* INSTRUCTIONS TO FOLLOW: From the entries that follow, copy every line with the word "CIRCLE".

* DATA FOR THE TASK:
····················

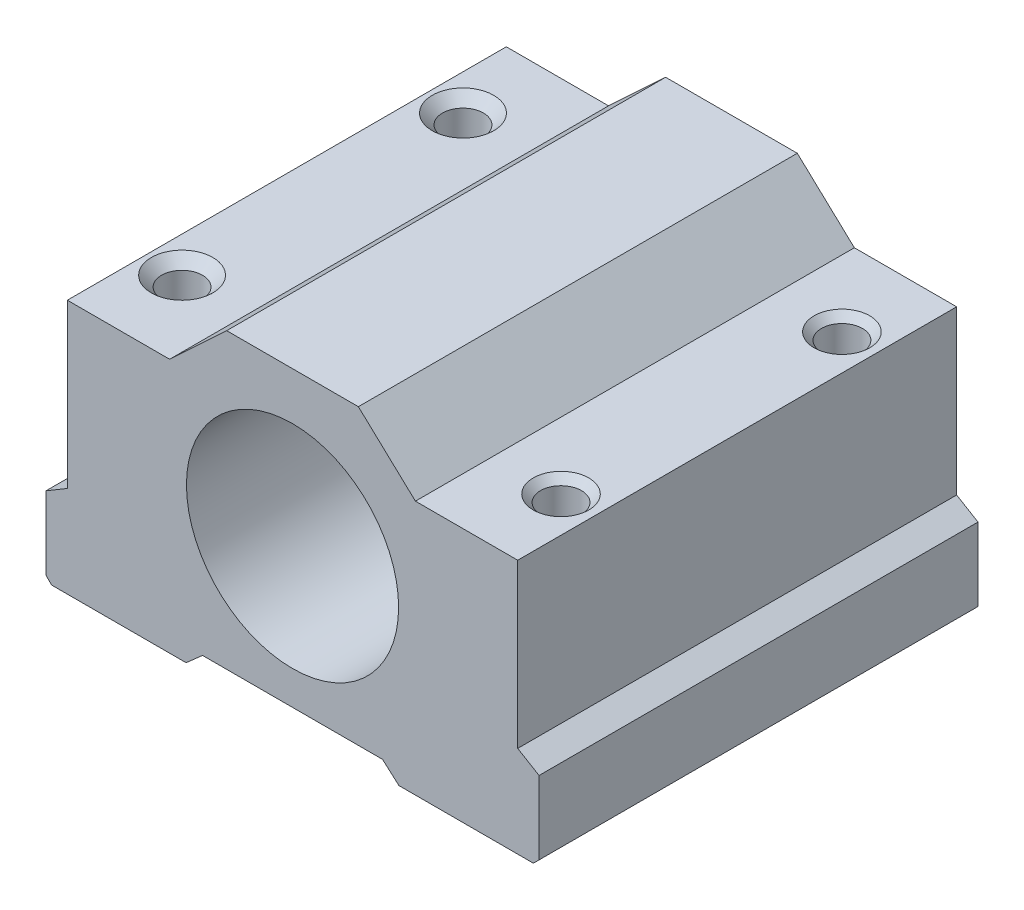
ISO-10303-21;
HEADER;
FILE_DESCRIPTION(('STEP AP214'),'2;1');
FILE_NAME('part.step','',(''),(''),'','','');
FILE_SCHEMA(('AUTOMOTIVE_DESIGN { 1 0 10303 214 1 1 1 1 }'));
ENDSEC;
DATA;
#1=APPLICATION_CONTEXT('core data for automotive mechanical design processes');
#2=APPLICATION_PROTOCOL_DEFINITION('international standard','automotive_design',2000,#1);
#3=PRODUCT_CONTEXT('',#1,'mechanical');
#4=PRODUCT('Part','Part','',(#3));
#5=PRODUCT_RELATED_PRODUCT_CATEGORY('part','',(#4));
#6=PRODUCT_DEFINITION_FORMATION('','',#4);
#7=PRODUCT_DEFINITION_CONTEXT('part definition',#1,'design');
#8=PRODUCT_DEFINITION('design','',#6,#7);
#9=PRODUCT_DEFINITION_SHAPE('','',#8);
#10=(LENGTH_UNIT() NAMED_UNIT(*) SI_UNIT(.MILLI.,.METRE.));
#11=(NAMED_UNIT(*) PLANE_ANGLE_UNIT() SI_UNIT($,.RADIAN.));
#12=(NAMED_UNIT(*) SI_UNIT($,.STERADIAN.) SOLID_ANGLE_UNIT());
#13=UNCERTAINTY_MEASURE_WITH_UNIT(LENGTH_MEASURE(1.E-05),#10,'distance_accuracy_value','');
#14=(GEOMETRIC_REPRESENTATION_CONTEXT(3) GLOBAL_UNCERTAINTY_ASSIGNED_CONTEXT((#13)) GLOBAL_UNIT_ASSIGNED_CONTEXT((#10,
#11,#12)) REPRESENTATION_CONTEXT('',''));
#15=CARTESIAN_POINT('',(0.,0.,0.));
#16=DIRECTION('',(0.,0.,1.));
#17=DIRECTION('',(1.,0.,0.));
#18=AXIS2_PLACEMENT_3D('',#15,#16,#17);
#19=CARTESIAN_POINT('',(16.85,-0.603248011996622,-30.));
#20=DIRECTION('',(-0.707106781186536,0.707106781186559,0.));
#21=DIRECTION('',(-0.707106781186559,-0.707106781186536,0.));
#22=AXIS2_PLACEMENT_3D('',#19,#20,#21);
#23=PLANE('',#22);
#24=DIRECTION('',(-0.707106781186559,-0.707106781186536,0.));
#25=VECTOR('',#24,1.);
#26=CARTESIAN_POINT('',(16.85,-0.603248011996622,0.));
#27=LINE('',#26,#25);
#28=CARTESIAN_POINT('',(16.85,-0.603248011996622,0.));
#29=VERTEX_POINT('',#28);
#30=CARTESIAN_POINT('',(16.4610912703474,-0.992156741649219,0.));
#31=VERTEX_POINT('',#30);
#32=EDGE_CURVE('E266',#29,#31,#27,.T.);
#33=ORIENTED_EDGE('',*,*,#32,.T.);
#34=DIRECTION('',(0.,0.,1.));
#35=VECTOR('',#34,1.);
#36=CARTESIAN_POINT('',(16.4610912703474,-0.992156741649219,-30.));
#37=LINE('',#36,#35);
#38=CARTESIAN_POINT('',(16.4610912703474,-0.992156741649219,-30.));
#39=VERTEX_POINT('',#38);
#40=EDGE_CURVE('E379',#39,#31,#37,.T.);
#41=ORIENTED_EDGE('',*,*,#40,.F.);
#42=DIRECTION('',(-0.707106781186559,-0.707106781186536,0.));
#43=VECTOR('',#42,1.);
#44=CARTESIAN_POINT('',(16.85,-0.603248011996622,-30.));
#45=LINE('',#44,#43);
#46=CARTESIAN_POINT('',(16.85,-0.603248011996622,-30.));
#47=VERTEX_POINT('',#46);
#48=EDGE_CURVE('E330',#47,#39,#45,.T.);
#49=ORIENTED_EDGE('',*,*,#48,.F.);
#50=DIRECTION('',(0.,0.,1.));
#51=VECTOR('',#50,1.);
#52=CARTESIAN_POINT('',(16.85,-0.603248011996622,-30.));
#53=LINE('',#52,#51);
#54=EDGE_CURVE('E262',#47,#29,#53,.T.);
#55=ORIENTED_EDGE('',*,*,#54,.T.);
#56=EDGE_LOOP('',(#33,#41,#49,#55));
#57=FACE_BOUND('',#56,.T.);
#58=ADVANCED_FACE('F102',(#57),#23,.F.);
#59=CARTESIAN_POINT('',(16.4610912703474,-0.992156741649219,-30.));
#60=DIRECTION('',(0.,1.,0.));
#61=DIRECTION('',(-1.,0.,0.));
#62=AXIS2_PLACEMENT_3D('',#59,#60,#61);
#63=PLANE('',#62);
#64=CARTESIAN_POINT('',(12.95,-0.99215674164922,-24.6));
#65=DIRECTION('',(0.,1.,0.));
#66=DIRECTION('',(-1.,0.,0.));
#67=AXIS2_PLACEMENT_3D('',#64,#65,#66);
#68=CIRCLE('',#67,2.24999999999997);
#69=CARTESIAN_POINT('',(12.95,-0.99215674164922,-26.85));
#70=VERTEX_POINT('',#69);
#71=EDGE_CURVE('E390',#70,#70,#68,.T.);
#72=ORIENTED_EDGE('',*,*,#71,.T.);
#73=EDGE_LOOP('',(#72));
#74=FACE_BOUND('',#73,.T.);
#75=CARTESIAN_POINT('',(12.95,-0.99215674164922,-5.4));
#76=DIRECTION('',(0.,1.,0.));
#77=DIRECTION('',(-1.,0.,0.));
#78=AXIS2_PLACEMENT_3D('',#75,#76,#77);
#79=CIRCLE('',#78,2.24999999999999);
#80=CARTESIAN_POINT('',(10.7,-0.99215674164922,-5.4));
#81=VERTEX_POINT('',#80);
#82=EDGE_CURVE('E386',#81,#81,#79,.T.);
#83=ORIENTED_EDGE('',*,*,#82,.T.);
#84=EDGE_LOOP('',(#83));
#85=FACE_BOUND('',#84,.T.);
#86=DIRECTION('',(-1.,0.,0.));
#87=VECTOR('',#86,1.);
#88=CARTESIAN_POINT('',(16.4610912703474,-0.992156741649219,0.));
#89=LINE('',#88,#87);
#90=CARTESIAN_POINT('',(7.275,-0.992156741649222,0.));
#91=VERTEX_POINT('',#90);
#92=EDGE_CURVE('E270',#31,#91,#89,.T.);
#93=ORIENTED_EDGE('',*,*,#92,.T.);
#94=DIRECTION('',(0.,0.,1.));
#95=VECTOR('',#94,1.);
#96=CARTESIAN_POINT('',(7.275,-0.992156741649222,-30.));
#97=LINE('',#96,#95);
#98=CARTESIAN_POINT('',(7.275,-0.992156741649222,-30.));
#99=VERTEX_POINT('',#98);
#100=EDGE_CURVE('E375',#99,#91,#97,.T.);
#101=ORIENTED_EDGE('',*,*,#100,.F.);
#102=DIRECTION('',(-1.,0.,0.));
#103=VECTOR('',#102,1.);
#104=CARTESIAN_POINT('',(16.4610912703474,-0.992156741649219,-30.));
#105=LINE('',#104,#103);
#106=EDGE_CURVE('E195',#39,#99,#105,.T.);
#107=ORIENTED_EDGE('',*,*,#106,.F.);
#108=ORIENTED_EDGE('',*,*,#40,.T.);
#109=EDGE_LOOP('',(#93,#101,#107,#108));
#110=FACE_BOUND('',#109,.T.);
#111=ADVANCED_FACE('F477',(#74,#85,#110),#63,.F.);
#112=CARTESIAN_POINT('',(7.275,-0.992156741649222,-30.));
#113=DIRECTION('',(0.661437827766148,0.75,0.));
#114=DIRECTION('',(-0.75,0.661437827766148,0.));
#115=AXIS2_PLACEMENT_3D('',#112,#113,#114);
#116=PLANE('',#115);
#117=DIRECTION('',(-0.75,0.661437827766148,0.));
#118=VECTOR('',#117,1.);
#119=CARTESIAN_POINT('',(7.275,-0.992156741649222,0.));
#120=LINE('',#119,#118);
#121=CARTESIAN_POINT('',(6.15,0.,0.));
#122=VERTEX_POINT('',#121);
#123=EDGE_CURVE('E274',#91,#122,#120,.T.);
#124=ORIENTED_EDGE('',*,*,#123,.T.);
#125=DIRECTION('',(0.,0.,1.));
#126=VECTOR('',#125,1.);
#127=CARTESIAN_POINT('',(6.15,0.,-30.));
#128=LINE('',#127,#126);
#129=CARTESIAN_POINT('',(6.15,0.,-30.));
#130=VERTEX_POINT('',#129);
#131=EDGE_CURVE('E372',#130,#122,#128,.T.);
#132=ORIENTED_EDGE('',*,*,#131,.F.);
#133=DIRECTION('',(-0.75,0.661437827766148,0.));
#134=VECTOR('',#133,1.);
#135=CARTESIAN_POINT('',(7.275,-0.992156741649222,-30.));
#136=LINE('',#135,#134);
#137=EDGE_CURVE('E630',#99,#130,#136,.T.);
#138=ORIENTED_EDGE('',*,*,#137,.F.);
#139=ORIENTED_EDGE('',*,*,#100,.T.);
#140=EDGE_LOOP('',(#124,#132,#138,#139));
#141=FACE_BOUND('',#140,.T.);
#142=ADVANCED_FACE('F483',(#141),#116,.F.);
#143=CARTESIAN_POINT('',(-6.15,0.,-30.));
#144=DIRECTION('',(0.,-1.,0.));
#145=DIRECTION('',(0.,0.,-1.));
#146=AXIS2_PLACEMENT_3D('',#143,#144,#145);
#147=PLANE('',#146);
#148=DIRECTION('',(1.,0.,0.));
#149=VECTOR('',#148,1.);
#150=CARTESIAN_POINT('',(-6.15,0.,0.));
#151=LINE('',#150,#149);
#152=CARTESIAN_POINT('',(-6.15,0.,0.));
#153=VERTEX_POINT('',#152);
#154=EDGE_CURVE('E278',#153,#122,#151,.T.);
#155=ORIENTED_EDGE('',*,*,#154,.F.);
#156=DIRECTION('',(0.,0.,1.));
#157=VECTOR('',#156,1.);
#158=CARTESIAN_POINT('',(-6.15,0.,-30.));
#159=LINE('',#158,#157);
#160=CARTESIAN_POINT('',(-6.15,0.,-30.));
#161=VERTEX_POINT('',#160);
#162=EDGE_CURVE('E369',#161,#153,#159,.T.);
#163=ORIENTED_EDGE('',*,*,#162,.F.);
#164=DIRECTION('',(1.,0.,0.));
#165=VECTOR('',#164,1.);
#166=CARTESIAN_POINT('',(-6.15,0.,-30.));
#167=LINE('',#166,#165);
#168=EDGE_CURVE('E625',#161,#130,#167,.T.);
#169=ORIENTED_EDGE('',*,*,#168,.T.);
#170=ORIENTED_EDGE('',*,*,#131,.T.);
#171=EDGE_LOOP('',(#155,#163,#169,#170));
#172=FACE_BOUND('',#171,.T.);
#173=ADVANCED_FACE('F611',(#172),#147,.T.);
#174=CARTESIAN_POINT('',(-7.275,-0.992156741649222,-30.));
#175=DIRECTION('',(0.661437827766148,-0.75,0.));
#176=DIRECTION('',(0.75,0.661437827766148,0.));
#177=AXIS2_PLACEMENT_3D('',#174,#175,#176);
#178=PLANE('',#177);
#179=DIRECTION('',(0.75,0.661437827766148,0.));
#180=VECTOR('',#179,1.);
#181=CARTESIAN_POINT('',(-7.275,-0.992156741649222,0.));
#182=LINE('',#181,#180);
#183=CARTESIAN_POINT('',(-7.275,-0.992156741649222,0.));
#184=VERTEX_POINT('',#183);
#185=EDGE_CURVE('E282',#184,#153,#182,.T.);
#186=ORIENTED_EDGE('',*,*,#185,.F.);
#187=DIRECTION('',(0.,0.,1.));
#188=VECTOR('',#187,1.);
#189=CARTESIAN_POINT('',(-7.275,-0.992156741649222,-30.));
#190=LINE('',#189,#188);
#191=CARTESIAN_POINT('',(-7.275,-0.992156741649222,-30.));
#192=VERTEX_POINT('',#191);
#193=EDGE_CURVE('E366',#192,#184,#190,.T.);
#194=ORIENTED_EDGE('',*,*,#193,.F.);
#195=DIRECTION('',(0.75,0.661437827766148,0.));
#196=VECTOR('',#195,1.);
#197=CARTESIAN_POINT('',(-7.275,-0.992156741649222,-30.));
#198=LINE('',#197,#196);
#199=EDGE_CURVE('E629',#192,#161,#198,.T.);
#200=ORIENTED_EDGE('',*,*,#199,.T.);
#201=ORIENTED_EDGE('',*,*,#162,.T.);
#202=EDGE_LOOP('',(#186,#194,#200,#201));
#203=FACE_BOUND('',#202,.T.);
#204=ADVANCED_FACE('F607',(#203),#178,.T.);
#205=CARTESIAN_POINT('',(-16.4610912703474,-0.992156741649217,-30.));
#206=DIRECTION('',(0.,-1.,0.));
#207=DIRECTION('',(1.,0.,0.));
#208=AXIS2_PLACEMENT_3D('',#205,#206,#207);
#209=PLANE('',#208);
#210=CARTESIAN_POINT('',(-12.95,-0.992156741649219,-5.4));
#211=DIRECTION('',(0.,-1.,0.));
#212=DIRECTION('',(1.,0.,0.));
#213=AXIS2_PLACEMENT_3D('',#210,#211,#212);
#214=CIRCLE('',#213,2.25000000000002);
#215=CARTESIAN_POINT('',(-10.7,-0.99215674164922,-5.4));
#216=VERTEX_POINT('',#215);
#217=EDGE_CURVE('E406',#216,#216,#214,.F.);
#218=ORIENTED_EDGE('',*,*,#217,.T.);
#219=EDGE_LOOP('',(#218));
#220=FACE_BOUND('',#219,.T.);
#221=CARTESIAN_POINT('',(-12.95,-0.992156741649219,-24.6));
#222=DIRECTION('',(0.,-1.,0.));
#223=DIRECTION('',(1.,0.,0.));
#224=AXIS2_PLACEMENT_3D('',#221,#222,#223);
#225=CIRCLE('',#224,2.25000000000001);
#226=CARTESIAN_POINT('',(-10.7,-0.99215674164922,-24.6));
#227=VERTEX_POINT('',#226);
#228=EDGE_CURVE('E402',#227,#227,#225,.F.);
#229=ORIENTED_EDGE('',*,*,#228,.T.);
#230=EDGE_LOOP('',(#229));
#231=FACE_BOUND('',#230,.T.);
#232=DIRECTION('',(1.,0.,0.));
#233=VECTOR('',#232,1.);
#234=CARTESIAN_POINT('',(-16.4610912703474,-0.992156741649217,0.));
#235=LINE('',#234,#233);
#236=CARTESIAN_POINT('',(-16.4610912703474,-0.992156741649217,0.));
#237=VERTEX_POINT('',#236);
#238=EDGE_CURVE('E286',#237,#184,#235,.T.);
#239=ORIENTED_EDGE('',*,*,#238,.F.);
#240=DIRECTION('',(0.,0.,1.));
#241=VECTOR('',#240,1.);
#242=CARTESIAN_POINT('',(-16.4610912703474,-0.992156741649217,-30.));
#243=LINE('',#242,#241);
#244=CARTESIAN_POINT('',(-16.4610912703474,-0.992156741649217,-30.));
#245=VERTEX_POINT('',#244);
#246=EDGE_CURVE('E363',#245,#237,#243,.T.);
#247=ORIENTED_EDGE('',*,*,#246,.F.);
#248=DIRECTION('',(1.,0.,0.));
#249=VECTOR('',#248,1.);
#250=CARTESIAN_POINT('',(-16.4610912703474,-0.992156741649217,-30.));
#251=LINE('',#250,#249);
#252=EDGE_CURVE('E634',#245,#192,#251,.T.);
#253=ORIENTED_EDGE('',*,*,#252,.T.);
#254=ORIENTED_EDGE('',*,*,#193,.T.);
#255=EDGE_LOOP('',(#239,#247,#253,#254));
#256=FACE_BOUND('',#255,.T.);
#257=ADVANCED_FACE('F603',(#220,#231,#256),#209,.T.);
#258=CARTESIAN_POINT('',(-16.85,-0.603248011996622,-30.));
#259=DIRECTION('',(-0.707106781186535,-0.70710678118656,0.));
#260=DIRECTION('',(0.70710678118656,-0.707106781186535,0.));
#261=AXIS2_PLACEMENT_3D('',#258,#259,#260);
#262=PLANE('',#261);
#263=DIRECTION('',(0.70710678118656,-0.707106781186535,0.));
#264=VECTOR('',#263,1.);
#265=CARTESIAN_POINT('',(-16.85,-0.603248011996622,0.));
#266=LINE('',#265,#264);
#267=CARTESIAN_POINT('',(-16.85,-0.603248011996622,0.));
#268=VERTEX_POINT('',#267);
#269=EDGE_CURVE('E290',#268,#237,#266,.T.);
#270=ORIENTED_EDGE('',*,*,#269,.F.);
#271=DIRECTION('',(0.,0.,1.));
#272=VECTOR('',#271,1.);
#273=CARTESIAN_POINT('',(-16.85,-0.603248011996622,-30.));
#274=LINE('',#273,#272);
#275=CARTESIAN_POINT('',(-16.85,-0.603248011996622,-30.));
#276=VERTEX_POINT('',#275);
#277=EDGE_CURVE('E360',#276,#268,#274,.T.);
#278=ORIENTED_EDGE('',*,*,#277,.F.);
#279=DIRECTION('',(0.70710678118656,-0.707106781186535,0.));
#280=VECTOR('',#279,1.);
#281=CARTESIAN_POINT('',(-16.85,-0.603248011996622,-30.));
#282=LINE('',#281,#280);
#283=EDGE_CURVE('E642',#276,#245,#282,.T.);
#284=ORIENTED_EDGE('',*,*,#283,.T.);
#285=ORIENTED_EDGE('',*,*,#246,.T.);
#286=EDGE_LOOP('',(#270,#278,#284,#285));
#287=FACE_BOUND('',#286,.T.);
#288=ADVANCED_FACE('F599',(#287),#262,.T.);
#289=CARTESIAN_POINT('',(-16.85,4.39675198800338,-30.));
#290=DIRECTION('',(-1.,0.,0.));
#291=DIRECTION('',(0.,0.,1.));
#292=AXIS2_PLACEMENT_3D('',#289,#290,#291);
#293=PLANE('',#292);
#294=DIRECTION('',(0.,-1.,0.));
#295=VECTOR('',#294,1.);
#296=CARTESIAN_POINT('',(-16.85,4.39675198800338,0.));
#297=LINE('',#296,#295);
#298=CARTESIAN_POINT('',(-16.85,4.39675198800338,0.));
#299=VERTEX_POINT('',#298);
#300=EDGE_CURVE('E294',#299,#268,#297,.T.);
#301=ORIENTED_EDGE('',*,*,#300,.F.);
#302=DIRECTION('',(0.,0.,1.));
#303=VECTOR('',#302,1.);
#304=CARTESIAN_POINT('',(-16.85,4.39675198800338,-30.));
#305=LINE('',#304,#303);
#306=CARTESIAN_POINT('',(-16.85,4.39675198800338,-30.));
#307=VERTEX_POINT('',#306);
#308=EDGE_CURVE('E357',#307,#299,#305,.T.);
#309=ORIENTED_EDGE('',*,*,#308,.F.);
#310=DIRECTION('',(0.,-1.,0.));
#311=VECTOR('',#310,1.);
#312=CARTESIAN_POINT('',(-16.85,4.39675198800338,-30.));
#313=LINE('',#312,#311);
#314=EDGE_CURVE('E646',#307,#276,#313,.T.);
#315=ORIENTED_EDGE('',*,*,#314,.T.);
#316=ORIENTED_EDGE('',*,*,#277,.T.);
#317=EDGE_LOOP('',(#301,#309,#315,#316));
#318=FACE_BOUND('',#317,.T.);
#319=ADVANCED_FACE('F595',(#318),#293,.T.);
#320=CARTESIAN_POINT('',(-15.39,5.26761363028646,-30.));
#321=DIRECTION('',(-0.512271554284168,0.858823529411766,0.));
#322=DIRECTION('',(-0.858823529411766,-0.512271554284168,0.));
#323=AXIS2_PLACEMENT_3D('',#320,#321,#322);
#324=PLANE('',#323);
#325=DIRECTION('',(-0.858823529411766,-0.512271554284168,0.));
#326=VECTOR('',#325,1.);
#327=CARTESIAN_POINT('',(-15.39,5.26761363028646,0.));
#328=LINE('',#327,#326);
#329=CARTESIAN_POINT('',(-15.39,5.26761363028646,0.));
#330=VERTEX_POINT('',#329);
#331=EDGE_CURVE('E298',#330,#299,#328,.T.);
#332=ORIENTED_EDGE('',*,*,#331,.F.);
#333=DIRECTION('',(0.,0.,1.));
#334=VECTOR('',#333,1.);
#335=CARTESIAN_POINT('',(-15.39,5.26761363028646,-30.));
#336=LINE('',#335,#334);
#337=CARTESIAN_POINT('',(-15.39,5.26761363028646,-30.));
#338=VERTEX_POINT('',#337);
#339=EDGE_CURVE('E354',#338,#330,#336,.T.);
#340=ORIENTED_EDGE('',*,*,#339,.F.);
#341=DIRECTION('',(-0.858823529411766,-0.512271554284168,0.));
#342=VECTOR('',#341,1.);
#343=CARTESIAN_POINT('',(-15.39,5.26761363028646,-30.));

····················

* WRITTEN REPLY:
#68=CIRCLE('',#67,2.24999999999997);
#79=CIRCLE('',#78,2.24999999999999);
#214=CIRCLE('',#213,2.25000000000002);
#225=CIRCLE('',#224,2.25000000000001);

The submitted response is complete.